SET STATISTICS IO ON;
 
SELECT TOP 500000 * FROM dbo.OrderHistory 
WHERE OrderDate < (SELECT '19961029');

(And yes, I realize I am violating my own rules and using SELECT * and TOP without ORDER BY, but for the sake of simplicity I am trying my best to minimize my influence on the optimizer.)

Results:

(500000 row(s) affected)
Table 'OrderHistory'. Scan count 1, logical reads 23, physical reads 0, read-ahead reads 0, lob logical reads 0, lob physical reads 0, lob read-ahead reads 0.

We're returning 500,000 rows, and it takes about 10 seconds. I immediately know that something is wrong with the logical reads number. Even if I didn't already know about the underlying data, I can tell from the grid results in Management Studio that this is pulling more than 23 pages of data, whether they are from memory or cache, and this should be reflected somewhere in STATISTICS IO. Looking at the plan…
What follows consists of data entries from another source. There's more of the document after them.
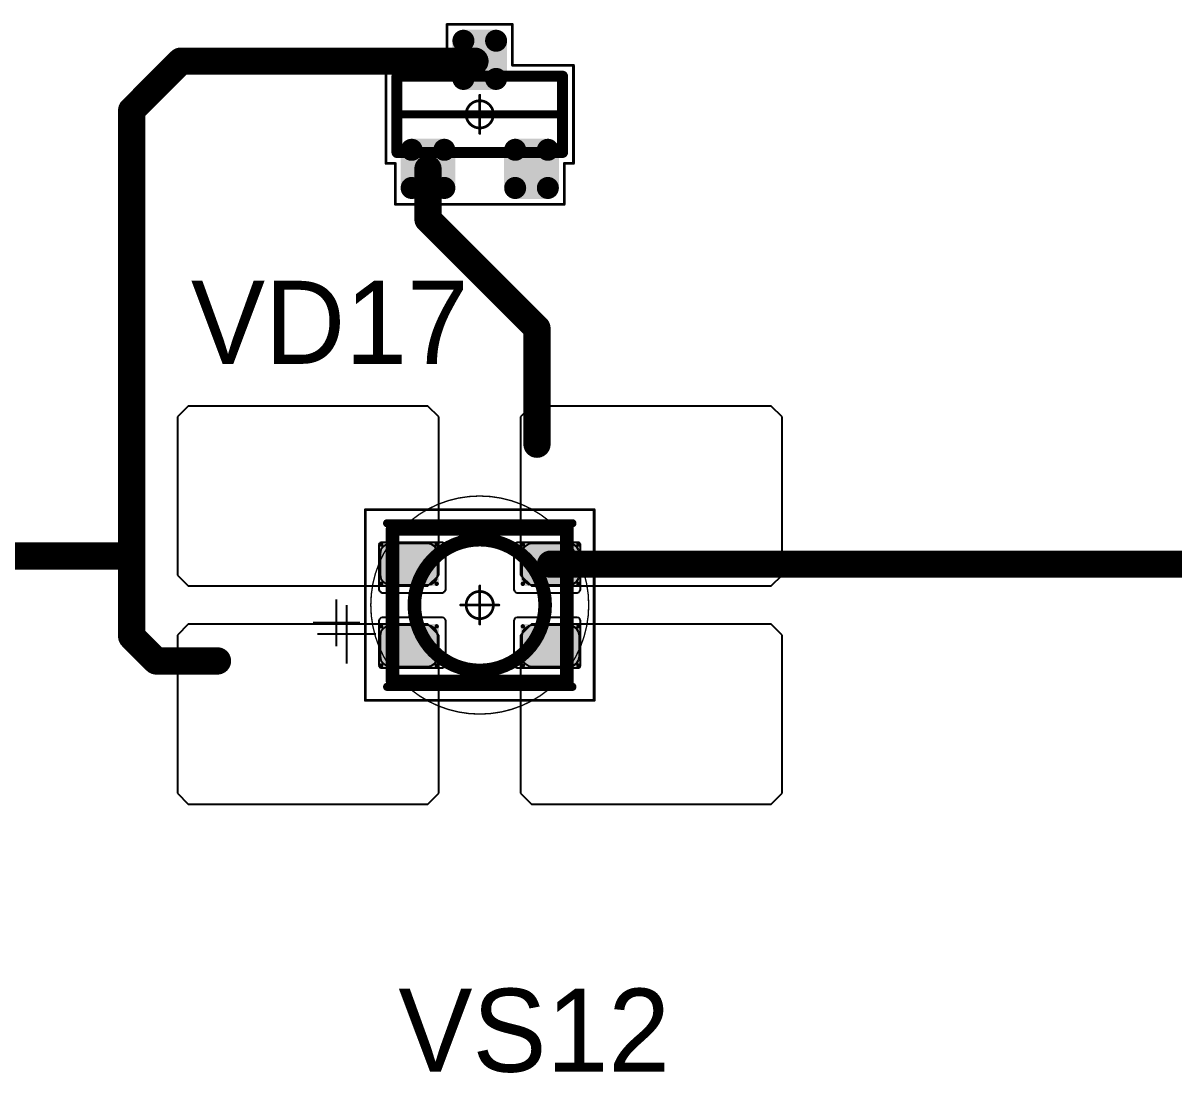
# Model space of a CAD drawing. Header units: millimetres. Extents: x 0 to 400, y 0 to 511.
# Drawn here: x 71.62 to 92.74, y 112.92 to 132.17 of the extents above; entities that cross this region are included whole.
import ezdxf

# ---------------------------------------------------------------- set-up
doc = ezdxf.new("R2010")
doc.units = ezdxf.units.MM
for name, color, linetype in [('Mechanical13', 56, 'Continuous'), ('Mechanical15', 56, 'Continuous'), ('Mechanical2', 216, 'Continuous'), ('TopLayer', 1, 'Continuous'), ('TopOverlay', 2, 'Continuous'), ('TopPaste', 8, 'Continuous'), ('TopSolder', 216, 'Continuous')]:
    doc.layers.add(name, color=color, linetype=linetype)

# ---------------------------------------------------------------- blocks, each defined once
blk = doc.blocks.new('SOT23_580')
at = {"layer": 'Mechanical13', "const_width": 0.2}
for points in [[(-0.7, 1.52), (0.7, 1.52)], [(-0.7, 1.52), (-0.7, -1.52)], [(0.7, 1.52), (0.7, -1.52)], [(-0.7, -1.52), (0.7, -1.52)]]:
    blk.add_lwpolyline(points, dxfattribs=at)
at = {"layer": 'Mechanical13', "const_width": 0.1}
for points in [[(-0.75, 1.52, 1), (-0.65, 1.52, 1)], [(-0.75, 1.52, 1), (-0.65, 1.52, 1)], [(0.65, 1.52, 1), (0.75, 1.52, 1)], [(0.65, 1.52, 1), (0.75, 1.52, 1)], [(-0.75, -1.52, 1), (-0.65, -1.52, 1)], [(-0.75, -1.52, 1), (-0.65, -1.52, 1)], [(0.65, -1.52, 1), (0.75, -1.52, 1)], [(0.65, -1.52, 1), (0.75, -1.52, 1)]]:
    blk.add_lwpolyline(points, format="xyb", close=True, dxfattribs=at)
at = {"layer": 'Mechanical15', "const_width": 0.05}
for points in [[(-0.9, 1.72), (-0.9, 1.55)], [(-0.9, 1.72), (0.9, 1.72)], [(0.9, 1.72), (0.9, 0.6)], [(-1.65, 1.55), (-1.65, -1.55)], [(-1.65, 1.55), (-0.9, 1.55)], [(0.9, 0.6), (1.65, 0.6)], [(1.65, 0.6), (1.65, -0.6)], [(0, 0.35), (0, -0.35)], [(-0.35, 0), (0.35, 0)], [(0.9, -0.6), (1.65, -0.6)], [(0.9, -0.6), (0.9, -1.72)], [(-1.65, -1.55), (-0.9, -1.55)], [(-0.9, -1.55), (-0.9, -1.72)], [(-0.9, -1.72), (0.9, -1.72)]]:
    blk.add_lwpolyline(points, dxfattribs=at)
at = {"layer": 'Mechanical15'}
for points, const_width in [([(-0.913, 1.72, 1), (-0.888, 1.72, 1)], 0.025), ([(-0.913, 1.72, 1), (-0.888, 1.72, 1)], 0.025), ([(0.888, 1.72, 1), (0.913, 1.72, 1)], 0.025), ([(0.888, 1.72, 1), (0.913, 1.72, 1)], 0.025), ([(-1.662, 1.55, 1), (-1.637, 1.55, 1)], 0.025), ([(-1.662, 1.55, 1), (-1.637, 1.55, 1)], 0.025), ([(-0.913, 1.55, 1), (-0.888, 1.55, 1)], 0.025), ([(-0.913, 1.55, 1), (-0.888, 1.55, 1)], 0.025), ([(0.888, 0.6, 1), (0.913, 0.6, 1)], 0.025), ([(0.888, 0.6, 1), (0.913, 0.6, 1)], 0.025), ([(1.637, 0.6, 1), (1.662, 0.6, 1)], 0.025), ([(1.637, 0.6, 1), (1.662, 0.6, 1)], 0.025), ([(0.25, 0, 1), (-0.25, 0, 1)], 0.05), ([(-0.012, 0.35, 1), (0.012, 0.35, 1)], 0.025), ([(-0.362, 0, 1), (-0.337, 0, 1)], 0.025), ([(-0.262, 0, 1), (-0.238, 0, 1)], 0.025), ([(0.238, 0, 1), (0.262, 0, 1)], 0.025), ([(0.337, 0, 1), (0.362, 0, 1)], 0.025), ([(-0.012, -0.35, 1), (0.012, -0.35, 1)], 0.025), ([(0.888, -0.6, 1), (0.913, -0.6, 1)], 0.025), ([(0.888, -0.6, 1), (0.913, -0.6, 1)], 0.025), ([(1.637, -0.6, 1), (1.662, -0.6, 1)], 0.025), ([(1.637, -0.6, 1), (1.662, -0.6, 1)], 0.025), ([(-1.662, -1.55, 1), (-1.637, -1.55, 1)], 0.025), ([(-1.662, -1.55, 1), (-1.637, -1.55, 1)], 0.025), ([(-0.913, -1.55, 1), (-0.888, -1.55, 1)], 0.025), ([(-0.913, -1.55, 1), (-0.888, -1.55, 1)], 0.025), ([(-0.913, -1.72, 1), (-0.888, -1.72, 1)], 0.025), ([(-0.913, -1.72, 1), (-0.888, -1.72, 1)], 0.025), ([(0.888, -1.72, 1), (0.913, -1.72, 1)], 0.025), ([(0.888, -1.72, 1), (0.913, -1.72, 1)], 0.025)]:
    blk.add_lwpolyline(points, format="xyb", close=True, dxfattribs=dict(at, const_width=const_width))
at = {"layer": 'TopLayer', "const_width": 0.1}
for points in [[(-1.4, 1.25, 1), (-1.3, 1.25, 1)], [(-0.7, 1.25, 1), (-0.6, 1.25, 1)], [(-1.4, 0.65, 1), (-1.3, 0.65, 1)], [(-0.7, 0.65, 1), (-0.6, 0.65, 1)], [(0.6, 0.3, 1), (0.7, 0.3, 1)], [(1.3, 0.3, 1), (1.4, 0.3, 1)], [(0.6, -0.3, 1), (0.7, -0.3, 1)], [(1.3, -0.3, 1), (1.4, -0.3, 1)], [(-1.4, -0.65, 1), (-1.3, -0.65, 1)], [(-0.7, -0.65, 1), (-0.6, -0.65, 1)], [(-1.4, -1.25, 1), (-1.3, -1.25, 1)], [(-0.7, -1.25, 1), (-0.6, -1.25, 1)]]:
    blk.add_lwpolyline(points, format="xyb", close=True, dxfattribs=at)
at = {"layer": 'TopLayer'}
for points in [[(-1.35, 1.35), (-1.35, 0.55), (-0.65, 1.35), (-0.65, 0.55)], [(-1.45, 1.25), (-1.45, 0.65), (-0.55, 1.25), (-0.55, 0.65)], [(0.55, 0.3), (0.55, -0.3), (1.45, 0.3), (1.45, -0.3)], [(0.65, 0.4), (0.65, -0.4), (1.35, 0.4), (1.35, -0.4)], [(-1.35, -0.55), (-1.35, -1.35), (-0.65, -0.55), (-0.65, -1.35)], [(-1.45, -0.65), (-1.45, -1.25), (-0.55, -0.65), (-0.55, -1.25)]]:
    blk.add_solid(points, dxfattribs=at)
at = {"layer": 'TopOverlay', "const_width": 0.15}
blk.add_lwpolyline([(0, 1.5), (0, -1.5)], dxfattribs=at)
at = {"layer": 'TopOverlay', "const_width": 0.075}
for points in [[(-0.038, 1.5, 1), (0.038, 1.5, 1)], [(-0.038, -1.5, 1), (0.038, -1.5, 1)]]:
    blk.add_lwpolyline(points, format="xyb", close=True, dxfattribs=at)
at = {"layer": 'TopPaste', "const_width": 0.075}
for points in [[(-1.387, 1.25, 1), (-1.313, 1.25, 1)], [(-0.687, 1.25, 1), (-0.613, 1.25, 1)], [(-1.387, 0.65, 1), (-1.313, 0.65, 1)], [(-0.687, 0.65, 1), (-0.613, 0.65, 1)], [(0.613, 0.3, 1), (0.687, 0.3, 1)], [(1.313, 0.3, 1), (1.387, 0.3, 1)], [(0.613, -0.3, 1), (0.687, -0.3, 1)], [(1.313, -0.3, 1), (1.387, -0.3, 1)], [(-1.387, -0.65, 1), (-1.313, -0.65, 1)], [(-0.687, -0.65, 1), (-0.613, -0.65, 1)], [(-1.387, -1.25, 1), (-1.313, -1.25, 1)], [(-0.687, -1.25, 1), (-0.613, -1.25, 1)]]:
    blk.add_lwpolyline(points, format="xyb", close=True, dxfattribs=at)
at = {"layer": 'TopPaste'}
for points in [[(-1.35, 1.325), (-1.35, 0.575), (-0.65, 1.325), (-0.65, 0.575)], [(-1.425, 1.25), (-1.425, 0.65), (-0.575, 1.25), (-0.575, 0.65)], [(0.575, 0.3), (0.575, -0.3), (1.425, 0.3), (1.425, -0.3)], [(0.65, 0.375), (0.65, -0.375), (1.35, 0.375), (1.35, -0.375)], [(-1.35, -0.575), (-1.35, -1.325), (-0.65, -0.575), (-0.65, -1.325)], [(-1.425, -0.65), (-1.425, -1.25), (-0.575, -0.65), (-0.575, -1.25)]]:
    blk.add_solid(points, dxfattribs=at)
at = {"layer": 'TopSolder', "const_width": 0.202}
for points in [[(-1.451, 1.25, 1), (-1.249, 1.25, 1)], [(-0.751, 1.25, 1), (-0.549, 1.25, 1)], [(-1.451, 0.65, 1), (-1.249, 0.65, 1)], [(-0.751, 0.65, 1), (-0.549, 0.65, 1)], [(0.549, 0.3, 1), (0.751, 0.3, 1)], [(1.249, 0.3, 1), (1.451, 0.3, 1)], [(0.549, -0.3, 1), (0.751, -0.3, 1)], [(1.249, -0.3, 1), (1.451, -0.3, 1)], [(-1.451, -0.65, 1), (-1.249, -0.65, 1)], [(-0.751, -0.65, 1), (-0.549, -0.65, 1)], [(-1.451, -1.25, 1), (-1.249, -1.25, 1)], [(-0.751, -1.25, 1), (-0.549, -1.25, 1)]]:
    blk.add_lwpolyline(points, format="xyb", close=True, dxfattribs=at)
at = {"layer": 'TopSolder'}
for points in [[(-1.35, 1.452), (-1.35, 0.448), (-0.65, 1.452), (-0.65, 0.448)], [(-1.552, 1.25), (-1.552, 0.65), (-0.448, 1.25), (-0.448, 0.65)], [(0.65, 0.502), (0.65, -0.502), (1.35, 0.502), (1.35, -0.502)], [(0.448, 0.3), (0.448, -0.3), (1.552, 0.3), (1.552, -0.3)], [(-1.35, -0.448), (-1.35, -1.452), (-0.65, -0.448), (-0.65, -1.452)], [(-1.552, -0.65), (-1.552, -1.25), (-0.448, -0.65), (-0.448, -1.25)]]:
    blk.add_solid(points, dxfattribs=at)
blk = doc.blocks.new('E65F_784')
at = {"layer": 'Mechanical13'}
for p, q in [((2.441, 1.071), (2.441, 0)), ((1.905, 0.536), (2.976, 0.536))]:
    blk.add_line(p, q, dxfattribs=at)
at = {"layer": 'Mechanical13', "const_width": 0.25}
for points in [[(-1.6, 1.4), (-1.6, -1.4)], [(1.6, 1.4), (-1.6, 1.4)], [(1.6, 1.4), (1.6, -1.4)], [(1.6, -1.4), (-1.6, -1.4)]]:
    blk.add_lwpolyline(points, dxfattribs=at)
at = {"layer": 'Mechanical13'}
for points, const_width in [([(-1.663, 1.4, 1), (-1.538, 1.4, 1)], 0.125), ([(-1.663, 1.4, 1), (-1.538, 1.4, 1)], 0.125), ([(1.537, 1.4, 1), (1.662, 1.4, 1)], 0.125), ([(1.537, 1.4, 1), (1.662, 1.4, 1)], 0.125), ([(1.2, 0, 1), (-1.2, 0, 1)], 0.25), ([(-1.263, 0, 1), (-1.138, 0, 1)], 0.125), ([(1.137, 0, 1), (1.262, 0, 1)], 0.125), ([(-1.663, -1.4, 1), (-1.538, -1.4, 1)], 0.125), ([(-1.663, -1.4, 1), (-1.538, -1.4, 1)], 0.125), ([(1.537, -1.4, 1), (1.662, -1.4, 1)], 0.125), ([(1.537, -1.4, 1), (1.662, -1.4, 1)], 0.125)]:
    blk.add_lwpolyline(points, format="xyb", close=True, dxfattribs=dict(at, const_width=const_width))
at = {"layer": 'Mechanical15', "const_width": 0.05}
for points in [[(2.1, 1.75), (-2.1, 1.75)], [(-2.1, 1.75), (-2.1, -1.75)], [(2.1, 1.75), (2.1, -1.75)], [(0, 0.35), (0, -0.35)], [(0, 0.35), (0, -0.35)], [(0.35, 0), (-0.35, 0)], [(0.35, 0), (-0.35, 0)], [(2.1, -1.75), (-2.1, -1.75)]]:
    blk.add_lwpolyline(points, dxfattribs=at)
at = {"layer": 'Mechanical15'}
for points, const_width in [([(-2.113, 1.75, 1), (-2.088, 1.75, 1)], 0.025), ([(-2.113, 1.75, 1), (-2.088, 1.75, 1)], 0.025), ([(2.087, 1.75, 1), (2.112, 1.75, 1)], 0.025), ([(2.087, 1.75, 1), (2.112, 1.75, 1)], 0.025), ([(0.25, 0, 1), (-0.25, 0, 1)], 0.05), ([(0.25, 0, 1), (-0.25, 0, 1)], 0.05), ([(-0.013, 0.35, 1), (0.012, 0.35, 1)], 0.025), ([(-0.013, 0.35, 1), (0.012, 0.35, 1)], 0.025), ([(-0.363, 0, 1), (-0.338, 0, 1)], 0.025), ([(-0.363, 0, 1), (-0.338, 0, 1)], 0.025), ([(-0.263, 0, 1), (-0.238, 0, 1)], 0.025), ([(-0.263, 0, 1), (-0.238, 0, 1)], 0.025), ([(0.237, 0, 1), (0.262, 0, 1)], 0.025), ([(0.237, 0, 1), (0.262, 0, 1)], 0.025), ([(0.337, 0, 1), (0.362, 0, 1)], 0.025), ([(0.337, 0, 1), (0.362, 0, 1)], 0.025), ([(-0.013, -0.35, 1), (0.012, -0.35, 1)], 0.025), ([(-0.013, -0.35, 1), (0.012, -0.35, 1)], 0.025), ([(-2.113, -1.75, 1), (-2.088, -1.75, 1)], 0.025), ([(-2.113, -1.75, 1), (-2.088, -1.75, 1)], 0.025), ([(2.087, -1.75, 1), (2.112, -1.75, 1)], 0.025), ([(2.087, -1.75, 1), (2.112, -1.75, 1)], 0.025)]:
    blk.add_lwpolyline(points, format="xyb", close=True, dxfattribs=dict(at, const_width=const_width))
at = {"layer": 'TopLayer'}
for p, q in [((-5.35, 3.65), (-5.55, 3.45)), ((-0.95, 3.65), (-5.35, 3.65)), ((-5.35, 3.65), (-5.35, 3.65)), ((-0.75, 3.45), (-0.95, 3.65)), ((0.95, 3.65), (0.75, 3.45)), ((5.35, 3.65), (0.95, 3.65)), ((0.95, 3.65), (0.95, 3.65)), ((5.55, 3.45), (5.35, 3.65)), ((-5.55, 3.45), (-5.55, 3.45)), ((-5.55, 3.45), (-5.55, 0.55)), ((-0.75, 0.55), (-0.75, 3.45)), ((0.75, 3.45), (0.75, 3.45)), ((0.75, 3.45), (0.75, 0.55)), ((5.55, 0.55), (5.55, 3.45)), ((-5.55, 0.55), (-5.35, 0.35)), ((-0.95, 0.35), (-0.75, 0.55)), ((0.75, 0.55), (0.95, 0.35)), ((5.35, 0.35), (5.55, 0.55)), ((-5.35, 0.35), (-0.95, 0.35)), ((0.95, 0.35), (5.35, 0.35)), ((-5.35, -0.35), (-5.55, -0.55)), ((-0.95, -0.35), (-5.35, -0.35)), ((-5.35, -0.35), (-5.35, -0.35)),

Original plan (click to enlarge)

…we see parallelism is in there, and that we've scanned the entire table. So how is it possible that there are only 23 logical reads?

Another "identical" query

One of my first questions back to Steve was: "What happens if you eliminate parallelism?" So I tried it out. I took the original subquery version and added MAXDOP 1:

SET STATISTICS IO ON;
 
SELECT TOP 500000 * FROM dbo.OrderHistory 
WHERE OrderDate < (SELECT '19961029') OPTION (MAXDOP 1);

Results and plan:

(500000 row(s) affected)
Table 'OrderHistory'. Scan count 1, logical reads 149589, physical reads 0, read-ahead reads 0, lob logical reads 0, lob physical reads 0, lob read-ahead reads 0.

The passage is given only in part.